1. Первая строфа стихотворения Г.Р. Державина «Лебедь» (1808).
2. Речь идет о подавлении мятежа в Малыковке (ныне г. Вольск в Саратовской обл.), где Державин находился в 1774 г., выполняя поручения А.И. Бибикова — главнокомандующего войсками, посланными против Пугачева.
3. Первая строка стихотворения Г.Р. Державина «Привратнику» (1808).
4. Вольный пересказ фрагмента из воспоминаний М. Горького «А.П. Чехов»; ср.: «Как-то при мне Толстой восхищался рассказом Чехова, кажется — «Душенькой». Он говорил: «Это — как бы кружево, сплетенное целомудренной девушкой; были в старину такие девушки-кружевницы, «вековуши», они всю жизнь свою, все мечты о счастье влагали в узор. Мечтали узорами о самом милом, всю неясную, чистую любовь свою вплетали в кружево». Толстой говорил очень волнуясь, со слезами на глазах. А у Чехова в этот день была повышенная температура, он сидел с красными пятнами на щеках и, наклоня голову, тщательно протирал пенсне. Долго молчал, наконец, вздохнув, сказал тихо и смущенно: «Там — опечатки...»» (А.П. Чехов в воспоминаниях современников. М., 1954. С. 472).
5. См. примеч. 11 к статье Е.И. Замятина «Чехов».
6. Андреевский Сергей Аркадьевич (1847—1918) — юрист, поэт, литературный критик, знакомый А.П. Чехова.
7. Источник этой цитаты — книга З.Н. Гиппиус «Живые лица» (1925; «Благоухание седин», гл. 3), Ходасевич выступил с рецензией на эту книгу.
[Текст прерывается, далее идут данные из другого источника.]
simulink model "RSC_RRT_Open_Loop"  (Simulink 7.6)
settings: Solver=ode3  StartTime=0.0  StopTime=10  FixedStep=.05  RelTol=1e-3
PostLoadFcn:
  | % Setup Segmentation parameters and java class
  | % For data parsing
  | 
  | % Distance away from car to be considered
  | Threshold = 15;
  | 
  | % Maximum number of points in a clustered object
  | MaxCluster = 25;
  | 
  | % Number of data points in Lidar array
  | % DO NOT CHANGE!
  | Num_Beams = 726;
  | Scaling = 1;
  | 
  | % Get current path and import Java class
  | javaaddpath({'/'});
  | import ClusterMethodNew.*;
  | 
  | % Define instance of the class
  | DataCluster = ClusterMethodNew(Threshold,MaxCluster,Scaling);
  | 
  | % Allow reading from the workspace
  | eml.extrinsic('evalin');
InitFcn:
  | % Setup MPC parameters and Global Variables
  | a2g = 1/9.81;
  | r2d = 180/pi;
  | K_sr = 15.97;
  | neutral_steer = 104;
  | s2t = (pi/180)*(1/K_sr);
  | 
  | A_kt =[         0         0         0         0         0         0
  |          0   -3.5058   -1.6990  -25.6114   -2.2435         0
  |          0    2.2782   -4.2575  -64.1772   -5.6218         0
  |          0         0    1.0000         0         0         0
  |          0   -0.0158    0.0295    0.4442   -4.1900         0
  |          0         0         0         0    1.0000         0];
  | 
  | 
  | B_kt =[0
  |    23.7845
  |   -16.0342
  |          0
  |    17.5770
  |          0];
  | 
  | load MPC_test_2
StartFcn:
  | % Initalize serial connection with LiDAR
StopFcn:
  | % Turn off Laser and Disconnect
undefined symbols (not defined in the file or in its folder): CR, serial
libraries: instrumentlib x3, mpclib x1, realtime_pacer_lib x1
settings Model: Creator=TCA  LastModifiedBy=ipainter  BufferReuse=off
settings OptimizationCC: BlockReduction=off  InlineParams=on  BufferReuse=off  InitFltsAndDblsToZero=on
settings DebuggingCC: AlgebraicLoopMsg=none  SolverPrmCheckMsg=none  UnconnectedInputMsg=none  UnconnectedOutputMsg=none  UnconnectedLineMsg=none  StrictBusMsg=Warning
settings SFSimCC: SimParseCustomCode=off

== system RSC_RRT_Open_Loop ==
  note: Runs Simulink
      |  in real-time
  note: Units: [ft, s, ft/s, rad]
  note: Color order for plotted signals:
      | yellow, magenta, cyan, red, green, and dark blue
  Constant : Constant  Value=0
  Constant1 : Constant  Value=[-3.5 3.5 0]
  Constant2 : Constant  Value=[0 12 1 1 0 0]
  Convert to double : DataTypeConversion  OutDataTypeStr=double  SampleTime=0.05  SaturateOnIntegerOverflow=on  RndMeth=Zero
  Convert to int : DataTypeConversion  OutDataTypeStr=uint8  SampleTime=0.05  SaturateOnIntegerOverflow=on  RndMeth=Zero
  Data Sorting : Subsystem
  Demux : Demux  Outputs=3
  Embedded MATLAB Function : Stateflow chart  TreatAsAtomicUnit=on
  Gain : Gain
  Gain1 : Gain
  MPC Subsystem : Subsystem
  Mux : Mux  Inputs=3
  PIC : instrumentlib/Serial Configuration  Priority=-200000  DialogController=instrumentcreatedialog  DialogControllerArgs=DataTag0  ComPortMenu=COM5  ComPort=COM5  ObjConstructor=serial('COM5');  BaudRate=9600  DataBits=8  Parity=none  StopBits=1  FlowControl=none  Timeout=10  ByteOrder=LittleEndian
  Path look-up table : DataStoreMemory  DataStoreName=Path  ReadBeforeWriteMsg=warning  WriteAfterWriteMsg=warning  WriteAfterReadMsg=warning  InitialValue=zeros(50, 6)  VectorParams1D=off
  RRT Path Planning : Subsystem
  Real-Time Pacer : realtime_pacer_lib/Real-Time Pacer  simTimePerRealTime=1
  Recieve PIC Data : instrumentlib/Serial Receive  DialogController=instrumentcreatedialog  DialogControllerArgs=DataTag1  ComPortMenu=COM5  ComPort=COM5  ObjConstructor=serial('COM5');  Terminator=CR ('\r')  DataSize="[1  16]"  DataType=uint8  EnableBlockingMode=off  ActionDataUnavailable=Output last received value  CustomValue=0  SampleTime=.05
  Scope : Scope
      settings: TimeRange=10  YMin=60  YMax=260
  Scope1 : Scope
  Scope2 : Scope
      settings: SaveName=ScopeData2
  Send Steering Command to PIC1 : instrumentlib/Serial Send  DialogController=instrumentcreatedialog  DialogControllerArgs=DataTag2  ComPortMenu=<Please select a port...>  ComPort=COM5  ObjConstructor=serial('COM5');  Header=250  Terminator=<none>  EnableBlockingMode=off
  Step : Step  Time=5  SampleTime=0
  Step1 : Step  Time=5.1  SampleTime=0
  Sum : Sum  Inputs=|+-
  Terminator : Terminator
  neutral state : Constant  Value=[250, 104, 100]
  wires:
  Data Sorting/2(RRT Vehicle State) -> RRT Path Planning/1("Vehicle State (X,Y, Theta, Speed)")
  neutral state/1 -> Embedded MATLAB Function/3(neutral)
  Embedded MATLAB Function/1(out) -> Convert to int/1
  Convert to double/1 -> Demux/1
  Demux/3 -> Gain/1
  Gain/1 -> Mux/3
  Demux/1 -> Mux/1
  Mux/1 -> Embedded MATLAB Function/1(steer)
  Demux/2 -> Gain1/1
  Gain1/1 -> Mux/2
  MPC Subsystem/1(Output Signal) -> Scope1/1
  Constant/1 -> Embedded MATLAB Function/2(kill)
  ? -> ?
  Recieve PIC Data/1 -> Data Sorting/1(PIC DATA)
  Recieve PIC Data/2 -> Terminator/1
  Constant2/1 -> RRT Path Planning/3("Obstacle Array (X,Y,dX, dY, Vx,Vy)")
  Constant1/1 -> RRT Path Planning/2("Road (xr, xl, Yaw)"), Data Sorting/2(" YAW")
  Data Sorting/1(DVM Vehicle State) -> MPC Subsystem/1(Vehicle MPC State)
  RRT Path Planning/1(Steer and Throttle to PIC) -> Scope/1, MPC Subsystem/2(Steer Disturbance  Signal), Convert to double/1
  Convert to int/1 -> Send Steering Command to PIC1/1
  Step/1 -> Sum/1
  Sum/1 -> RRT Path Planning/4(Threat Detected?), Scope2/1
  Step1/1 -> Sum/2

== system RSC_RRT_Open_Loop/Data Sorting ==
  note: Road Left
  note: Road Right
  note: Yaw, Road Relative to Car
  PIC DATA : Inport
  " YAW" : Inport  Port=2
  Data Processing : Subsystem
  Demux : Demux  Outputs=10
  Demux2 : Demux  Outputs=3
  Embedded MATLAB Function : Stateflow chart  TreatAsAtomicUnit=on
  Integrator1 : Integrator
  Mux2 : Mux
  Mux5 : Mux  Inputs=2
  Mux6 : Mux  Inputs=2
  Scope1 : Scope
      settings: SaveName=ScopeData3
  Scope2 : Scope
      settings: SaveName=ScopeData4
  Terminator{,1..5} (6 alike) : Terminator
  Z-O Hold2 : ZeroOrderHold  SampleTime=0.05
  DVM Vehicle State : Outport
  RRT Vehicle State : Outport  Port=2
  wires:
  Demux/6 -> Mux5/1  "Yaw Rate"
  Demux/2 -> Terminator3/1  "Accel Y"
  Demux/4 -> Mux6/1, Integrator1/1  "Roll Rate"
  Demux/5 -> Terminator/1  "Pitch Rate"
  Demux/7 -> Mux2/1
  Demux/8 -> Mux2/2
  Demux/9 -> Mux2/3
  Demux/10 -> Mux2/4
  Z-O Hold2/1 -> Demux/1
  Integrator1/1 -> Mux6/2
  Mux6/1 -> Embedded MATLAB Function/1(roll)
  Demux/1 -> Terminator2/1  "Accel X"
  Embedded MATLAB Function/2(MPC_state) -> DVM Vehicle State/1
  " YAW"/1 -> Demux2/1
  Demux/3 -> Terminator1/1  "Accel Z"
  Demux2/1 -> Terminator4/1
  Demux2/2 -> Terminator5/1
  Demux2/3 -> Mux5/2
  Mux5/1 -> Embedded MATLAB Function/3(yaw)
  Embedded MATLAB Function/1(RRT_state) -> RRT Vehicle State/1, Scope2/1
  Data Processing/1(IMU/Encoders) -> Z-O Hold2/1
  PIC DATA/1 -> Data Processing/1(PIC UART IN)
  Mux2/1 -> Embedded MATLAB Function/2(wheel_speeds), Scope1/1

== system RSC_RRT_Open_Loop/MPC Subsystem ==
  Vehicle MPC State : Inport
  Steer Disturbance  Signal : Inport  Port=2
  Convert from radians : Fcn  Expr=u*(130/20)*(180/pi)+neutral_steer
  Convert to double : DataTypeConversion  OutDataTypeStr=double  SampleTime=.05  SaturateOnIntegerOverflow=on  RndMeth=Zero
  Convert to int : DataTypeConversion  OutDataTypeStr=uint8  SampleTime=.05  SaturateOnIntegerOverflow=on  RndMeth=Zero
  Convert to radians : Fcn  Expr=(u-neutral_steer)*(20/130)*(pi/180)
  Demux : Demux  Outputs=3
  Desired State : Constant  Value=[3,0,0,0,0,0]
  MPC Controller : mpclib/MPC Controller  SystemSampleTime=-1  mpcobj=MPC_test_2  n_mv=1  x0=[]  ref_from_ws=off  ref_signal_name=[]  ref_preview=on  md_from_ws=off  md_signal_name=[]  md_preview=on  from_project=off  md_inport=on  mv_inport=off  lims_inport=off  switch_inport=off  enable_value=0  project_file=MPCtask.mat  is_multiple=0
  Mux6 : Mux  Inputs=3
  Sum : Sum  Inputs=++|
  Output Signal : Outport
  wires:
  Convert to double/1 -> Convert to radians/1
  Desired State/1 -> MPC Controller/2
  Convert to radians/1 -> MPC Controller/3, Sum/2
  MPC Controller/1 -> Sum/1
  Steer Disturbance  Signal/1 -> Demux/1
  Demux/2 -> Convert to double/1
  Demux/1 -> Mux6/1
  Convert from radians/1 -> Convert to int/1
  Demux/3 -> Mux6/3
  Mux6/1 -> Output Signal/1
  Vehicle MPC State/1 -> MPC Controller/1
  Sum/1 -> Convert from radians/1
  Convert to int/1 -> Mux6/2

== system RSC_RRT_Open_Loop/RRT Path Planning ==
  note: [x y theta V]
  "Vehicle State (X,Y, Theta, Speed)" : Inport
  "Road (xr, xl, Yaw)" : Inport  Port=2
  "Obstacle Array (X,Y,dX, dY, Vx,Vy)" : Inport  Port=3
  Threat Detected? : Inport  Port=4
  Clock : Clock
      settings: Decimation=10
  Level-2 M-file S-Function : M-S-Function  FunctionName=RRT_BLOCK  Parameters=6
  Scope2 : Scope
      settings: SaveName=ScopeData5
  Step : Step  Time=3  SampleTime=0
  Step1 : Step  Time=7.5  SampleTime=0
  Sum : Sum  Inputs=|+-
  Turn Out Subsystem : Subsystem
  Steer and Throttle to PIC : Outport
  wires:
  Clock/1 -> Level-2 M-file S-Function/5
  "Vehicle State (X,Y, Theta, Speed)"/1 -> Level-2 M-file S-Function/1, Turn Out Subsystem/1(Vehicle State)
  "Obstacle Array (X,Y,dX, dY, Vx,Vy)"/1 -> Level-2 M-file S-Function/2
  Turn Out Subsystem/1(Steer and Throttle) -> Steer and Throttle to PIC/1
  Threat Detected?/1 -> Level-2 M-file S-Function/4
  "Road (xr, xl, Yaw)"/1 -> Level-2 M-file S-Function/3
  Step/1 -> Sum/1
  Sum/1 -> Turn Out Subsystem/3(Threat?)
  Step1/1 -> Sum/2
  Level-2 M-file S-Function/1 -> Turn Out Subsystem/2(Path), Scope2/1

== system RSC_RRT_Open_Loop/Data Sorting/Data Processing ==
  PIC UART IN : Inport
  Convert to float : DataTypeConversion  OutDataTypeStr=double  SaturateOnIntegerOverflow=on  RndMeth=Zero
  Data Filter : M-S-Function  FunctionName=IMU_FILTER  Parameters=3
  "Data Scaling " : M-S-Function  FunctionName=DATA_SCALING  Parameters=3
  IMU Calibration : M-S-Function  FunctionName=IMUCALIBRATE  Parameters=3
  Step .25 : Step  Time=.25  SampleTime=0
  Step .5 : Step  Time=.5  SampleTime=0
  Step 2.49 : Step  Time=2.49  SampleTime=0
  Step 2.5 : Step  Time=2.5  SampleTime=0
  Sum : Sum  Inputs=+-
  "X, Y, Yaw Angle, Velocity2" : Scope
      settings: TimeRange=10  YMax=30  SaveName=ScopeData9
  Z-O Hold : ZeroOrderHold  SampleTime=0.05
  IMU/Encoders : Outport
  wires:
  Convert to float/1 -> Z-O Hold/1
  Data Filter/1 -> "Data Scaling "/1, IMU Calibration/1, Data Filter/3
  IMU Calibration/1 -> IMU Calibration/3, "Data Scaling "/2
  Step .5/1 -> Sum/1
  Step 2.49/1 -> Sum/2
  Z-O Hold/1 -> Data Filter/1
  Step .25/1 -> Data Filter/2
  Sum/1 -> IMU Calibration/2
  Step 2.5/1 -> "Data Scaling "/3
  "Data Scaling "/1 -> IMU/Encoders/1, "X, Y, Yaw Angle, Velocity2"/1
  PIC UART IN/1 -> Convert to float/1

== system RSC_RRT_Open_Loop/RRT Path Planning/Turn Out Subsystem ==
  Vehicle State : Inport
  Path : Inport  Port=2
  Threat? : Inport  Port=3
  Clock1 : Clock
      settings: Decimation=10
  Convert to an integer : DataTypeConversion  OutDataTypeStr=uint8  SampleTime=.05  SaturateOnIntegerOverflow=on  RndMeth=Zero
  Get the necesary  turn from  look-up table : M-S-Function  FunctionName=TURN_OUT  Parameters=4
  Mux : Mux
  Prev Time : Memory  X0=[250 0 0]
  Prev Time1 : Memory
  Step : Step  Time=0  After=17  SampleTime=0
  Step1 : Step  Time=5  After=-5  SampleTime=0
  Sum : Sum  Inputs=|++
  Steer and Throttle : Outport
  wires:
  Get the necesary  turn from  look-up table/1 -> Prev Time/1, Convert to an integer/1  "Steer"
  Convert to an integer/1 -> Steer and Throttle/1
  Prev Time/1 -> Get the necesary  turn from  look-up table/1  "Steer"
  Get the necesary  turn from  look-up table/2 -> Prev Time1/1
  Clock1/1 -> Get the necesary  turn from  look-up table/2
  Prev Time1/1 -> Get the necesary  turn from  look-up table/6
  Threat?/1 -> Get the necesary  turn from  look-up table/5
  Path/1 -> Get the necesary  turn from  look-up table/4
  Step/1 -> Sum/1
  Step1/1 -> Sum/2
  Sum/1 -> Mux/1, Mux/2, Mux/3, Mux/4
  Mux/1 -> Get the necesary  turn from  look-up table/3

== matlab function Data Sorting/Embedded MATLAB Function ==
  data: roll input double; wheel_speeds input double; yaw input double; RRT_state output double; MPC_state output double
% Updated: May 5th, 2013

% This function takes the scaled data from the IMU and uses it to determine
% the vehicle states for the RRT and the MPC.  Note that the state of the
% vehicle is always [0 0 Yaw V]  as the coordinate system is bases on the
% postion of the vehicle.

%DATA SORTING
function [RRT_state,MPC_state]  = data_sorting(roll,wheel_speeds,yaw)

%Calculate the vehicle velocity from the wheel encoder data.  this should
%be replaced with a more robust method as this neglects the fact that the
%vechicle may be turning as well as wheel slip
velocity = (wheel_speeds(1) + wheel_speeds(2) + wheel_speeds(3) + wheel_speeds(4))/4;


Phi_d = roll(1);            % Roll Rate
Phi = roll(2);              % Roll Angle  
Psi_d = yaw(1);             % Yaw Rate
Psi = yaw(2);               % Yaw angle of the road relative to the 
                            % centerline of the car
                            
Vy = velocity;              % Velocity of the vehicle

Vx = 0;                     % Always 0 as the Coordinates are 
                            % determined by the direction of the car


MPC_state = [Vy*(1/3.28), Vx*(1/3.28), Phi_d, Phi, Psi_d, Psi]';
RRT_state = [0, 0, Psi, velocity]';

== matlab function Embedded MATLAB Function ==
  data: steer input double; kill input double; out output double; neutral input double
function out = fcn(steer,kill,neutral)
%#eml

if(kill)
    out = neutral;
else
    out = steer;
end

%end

8. Слова Городничего в финале гоголевской комедии «Ревизор» (1836, 1842): «Ничего не вижу. Вижу какие-то свиные рыла вместо лиц, а больше ничего...» (д. 5, явл. VIII).
9. Слова Вершинина из пьесы «Три сестры» (1901): «Через двести-триста лет жизнь на земле будет невообразимо прекрасной, изумительной» (д. 1); «А пройдет еще немного времени, каких-нибудь двести-триста лет, и на нашу теперешнюю жизнь также будут смотреть и со страхом, и с насмешкой, все нынешнее будет казаться и угловатым, и тяжелым, и очень неудобным, и странным. О, наверное, какая это будет жизнь, какая жизнь!» (д. 3).
10. Перефразированные слова Сони из финала пьесы «Дядя Ваня» (1897).
11. Неточная цитата из заключительной главы II тома «Мертвых душ», слова князя-губернатора: «Дело в том, что пришло нам спасать нашу землю, что гибнет уже земля наша не от нашествия двадцати иноплеменных языков, а от нас самих; что уже, мимо законного управленья, образовалось другое правленье, гораздо сильнейшее всякого законного».